Even had he known about Moses' innuendos, however, Singstad did not possess the entree to La Guardia that would have enabled him to disprove them, and the Mayor, racing around the country as national civil defense head, had no time to spend learning the truth for himself. Mayoral memos began to display marked irritation with the Tunnel Authority.
And then Moses was presented with even juicier grist for his mill.
Try as they would, his bloodhounds had not been able to come up with even a hint of wrongdoing by Singstad. But in 1941 someone did bring to Moses a hint of wrongdoing by Singstad's brother-in-law—and that was all Moses needed.
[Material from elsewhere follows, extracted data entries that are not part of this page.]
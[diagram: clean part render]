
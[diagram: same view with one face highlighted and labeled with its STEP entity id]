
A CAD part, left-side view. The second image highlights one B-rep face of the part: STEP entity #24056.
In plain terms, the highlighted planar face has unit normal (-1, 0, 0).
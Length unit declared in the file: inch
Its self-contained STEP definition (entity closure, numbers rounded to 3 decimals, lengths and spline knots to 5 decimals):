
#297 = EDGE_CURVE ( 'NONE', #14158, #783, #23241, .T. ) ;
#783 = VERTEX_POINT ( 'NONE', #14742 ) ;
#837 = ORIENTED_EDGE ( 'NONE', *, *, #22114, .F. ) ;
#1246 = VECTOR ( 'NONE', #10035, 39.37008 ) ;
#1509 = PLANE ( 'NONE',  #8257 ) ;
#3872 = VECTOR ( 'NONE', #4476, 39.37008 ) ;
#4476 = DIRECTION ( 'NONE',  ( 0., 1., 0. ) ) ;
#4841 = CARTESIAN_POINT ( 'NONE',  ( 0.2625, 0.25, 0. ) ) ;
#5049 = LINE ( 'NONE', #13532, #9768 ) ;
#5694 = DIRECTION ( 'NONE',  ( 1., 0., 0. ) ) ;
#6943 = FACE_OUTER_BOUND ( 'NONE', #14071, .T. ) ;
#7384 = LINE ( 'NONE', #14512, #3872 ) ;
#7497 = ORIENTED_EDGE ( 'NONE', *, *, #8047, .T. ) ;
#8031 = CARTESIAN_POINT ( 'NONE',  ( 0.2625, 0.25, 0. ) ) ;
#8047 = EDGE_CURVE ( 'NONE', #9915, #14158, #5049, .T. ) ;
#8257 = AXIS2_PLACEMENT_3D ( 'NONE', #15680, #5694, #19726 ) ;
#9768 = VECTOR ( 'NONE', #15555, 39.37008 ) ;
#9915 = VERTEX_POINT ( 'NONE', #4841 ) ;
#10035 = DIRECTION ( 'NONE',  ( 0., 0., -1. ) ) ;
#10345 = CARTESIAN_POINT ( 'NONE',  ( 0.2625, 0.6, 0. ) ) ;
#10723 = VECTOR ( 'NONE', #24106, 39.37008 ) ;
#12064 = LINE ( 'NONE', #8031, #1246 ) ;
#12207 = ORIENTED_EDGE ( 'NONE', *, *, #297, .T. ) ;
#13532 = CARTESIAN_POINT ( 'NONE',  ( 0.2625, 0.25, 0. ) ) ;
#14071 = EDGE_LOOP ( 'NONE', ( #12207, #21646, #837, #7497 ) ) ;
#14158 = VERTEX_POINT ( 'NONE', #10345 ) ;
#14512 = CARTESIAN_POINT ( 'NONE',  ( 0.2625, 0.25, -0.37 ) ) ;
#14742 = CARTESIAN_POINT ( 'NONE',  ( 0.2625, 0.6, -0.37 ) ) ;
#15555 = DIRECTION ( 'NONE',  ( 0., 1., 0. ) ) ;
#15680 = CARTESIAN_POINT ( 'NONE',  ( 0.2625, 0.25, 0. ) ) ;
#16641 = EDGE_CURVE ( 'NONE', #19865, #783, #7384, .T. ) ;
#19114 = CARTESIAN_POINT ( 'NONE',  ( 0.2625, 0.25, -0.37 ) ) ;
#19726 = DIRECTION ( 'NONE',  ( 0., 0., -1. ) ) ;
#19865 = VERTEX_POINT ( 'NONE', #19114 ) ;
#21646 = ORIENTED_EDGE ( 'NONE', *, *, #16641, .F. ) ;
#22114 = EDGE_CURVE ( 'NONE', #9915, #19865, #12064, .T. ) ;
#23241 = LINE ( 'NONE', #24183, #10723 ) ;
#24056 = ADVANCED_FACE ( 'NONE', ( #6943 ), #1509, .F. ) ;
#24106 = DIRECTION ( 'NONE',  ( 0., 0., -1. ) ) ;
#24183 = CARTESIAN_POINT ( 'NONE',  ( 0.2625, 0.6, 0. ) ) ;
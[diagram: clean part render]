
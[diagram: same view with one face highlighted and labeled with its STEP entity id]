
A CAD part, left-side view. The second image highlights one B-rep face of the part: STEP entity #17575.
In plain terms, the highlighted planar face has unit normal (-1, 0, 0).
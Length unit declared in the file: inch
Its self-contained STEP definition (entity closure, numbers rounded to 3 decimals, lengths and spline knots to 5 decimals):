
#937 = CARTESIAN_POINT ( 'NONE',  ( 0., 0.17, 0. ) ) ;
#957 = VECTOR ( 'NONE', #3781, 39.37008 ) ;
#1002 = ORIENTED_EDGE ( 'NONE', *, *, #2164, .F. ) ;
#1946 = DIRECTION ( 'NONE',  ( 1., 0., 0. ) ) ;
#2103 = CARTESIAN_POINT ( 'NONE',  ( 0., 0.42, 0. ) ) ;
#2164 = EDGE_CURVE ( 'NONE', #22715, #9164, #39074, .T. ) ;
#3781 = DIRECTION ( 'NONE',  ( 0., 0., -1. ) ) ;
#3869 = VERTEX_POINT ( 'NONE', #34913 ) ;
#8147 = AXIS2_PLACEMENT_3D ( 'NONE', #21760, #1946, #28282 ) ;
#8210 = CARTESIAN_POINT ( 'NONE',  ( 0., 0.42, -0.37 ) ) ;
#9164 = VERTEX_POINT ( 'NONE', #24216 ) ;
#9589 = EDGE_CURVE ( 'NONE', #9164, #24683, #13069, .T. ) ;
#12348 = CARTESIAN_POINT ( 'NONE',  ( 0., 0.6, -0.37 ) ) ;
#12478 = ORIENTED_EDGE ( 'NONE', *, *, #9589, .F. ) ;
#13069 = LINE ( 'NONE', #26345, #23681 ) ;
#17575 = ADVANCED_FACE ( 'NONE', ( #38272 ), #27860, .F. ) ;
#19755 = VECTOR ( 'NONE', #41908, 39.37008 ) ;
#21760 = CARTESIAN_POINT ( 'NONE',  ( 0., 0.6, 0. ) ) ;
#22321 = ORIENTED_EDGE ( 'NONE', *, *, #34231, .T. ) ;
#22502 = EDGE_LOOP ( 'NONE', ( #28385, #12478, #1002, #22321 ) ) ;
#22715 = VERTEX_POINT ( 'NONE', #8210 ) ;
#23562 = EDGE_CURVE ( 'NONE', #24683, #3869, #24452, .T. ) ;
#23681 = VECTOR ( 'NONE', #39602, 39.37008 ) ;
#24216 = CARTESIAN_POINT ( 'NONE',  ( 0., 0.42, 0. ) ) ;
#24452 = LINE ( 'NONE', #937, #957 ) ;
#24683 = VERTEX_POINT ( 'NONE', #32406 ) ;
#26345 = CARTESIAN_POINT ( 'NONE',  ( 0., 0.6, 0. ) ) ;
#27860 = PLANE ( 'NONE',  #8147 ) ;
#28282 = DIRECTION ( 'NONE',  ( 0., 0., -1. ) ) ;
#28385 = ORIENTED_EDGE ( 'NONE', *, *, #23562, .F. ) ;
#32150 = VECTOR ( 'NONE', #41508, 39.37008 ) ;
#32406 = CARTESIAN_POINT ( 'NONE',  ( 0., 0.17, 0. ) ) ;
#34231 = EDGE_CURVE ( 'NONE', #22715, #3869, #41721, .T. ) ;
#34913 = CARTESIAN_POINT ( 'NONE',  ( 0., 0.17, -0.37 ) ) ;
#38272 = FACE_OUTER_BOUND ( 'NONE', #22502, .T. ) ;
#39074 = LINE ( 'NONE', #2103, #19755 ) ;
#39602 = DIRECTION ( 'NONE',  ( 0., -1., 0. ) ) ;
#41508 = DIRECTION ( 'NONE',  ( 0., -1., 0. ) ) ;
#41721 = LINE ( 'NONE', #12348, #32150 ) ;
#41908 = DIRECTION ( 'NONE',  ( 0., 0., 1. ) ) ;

Twelve years before, while the Port Authority, for which Singstad was then chief consulting engineer, was considering plans for the Manhattan entrance plaza of the Lincoln Tunnel, the brother-in-law had purchased eight tenements in the area finally selected. Singstad swore that he had no financial interest in the purchase, that he had never heard of the purchase until after it was completed, that when he had learned about it—during a casual conversation—he had violently disapproved, and in fact had forced his brother-in-law to reduce his asking price from $365,000 to $165,000. The conclusive piece of evidence, to an impartial observer, may have been the fact that Singstad did not want the plaza located in the area in which his brother-in-law's tenements were located; his recommendation, for which he fought for two years, would have left them uncondemned—and his brother-in-law with no profit at all. The tenements were condemned only because the Authority overruled Singstad and decided to locate the plaza where its chief engineer, Othmar H. Ammann, wanted it. Two intensive investigations —one by the Port Authority, one by the Tunnel Authority—turned up not a single piece of evidence to prove that the peppery little Norwegian's statements were anything less than completely true. The single damaging fact was his failure to tell the Port Authority when he learned his brother-in-law owned the property, and, says Windels, his attorney, the engineer had a reason for not telling: "He was afraid that someone like Moses would find out and smear him with it."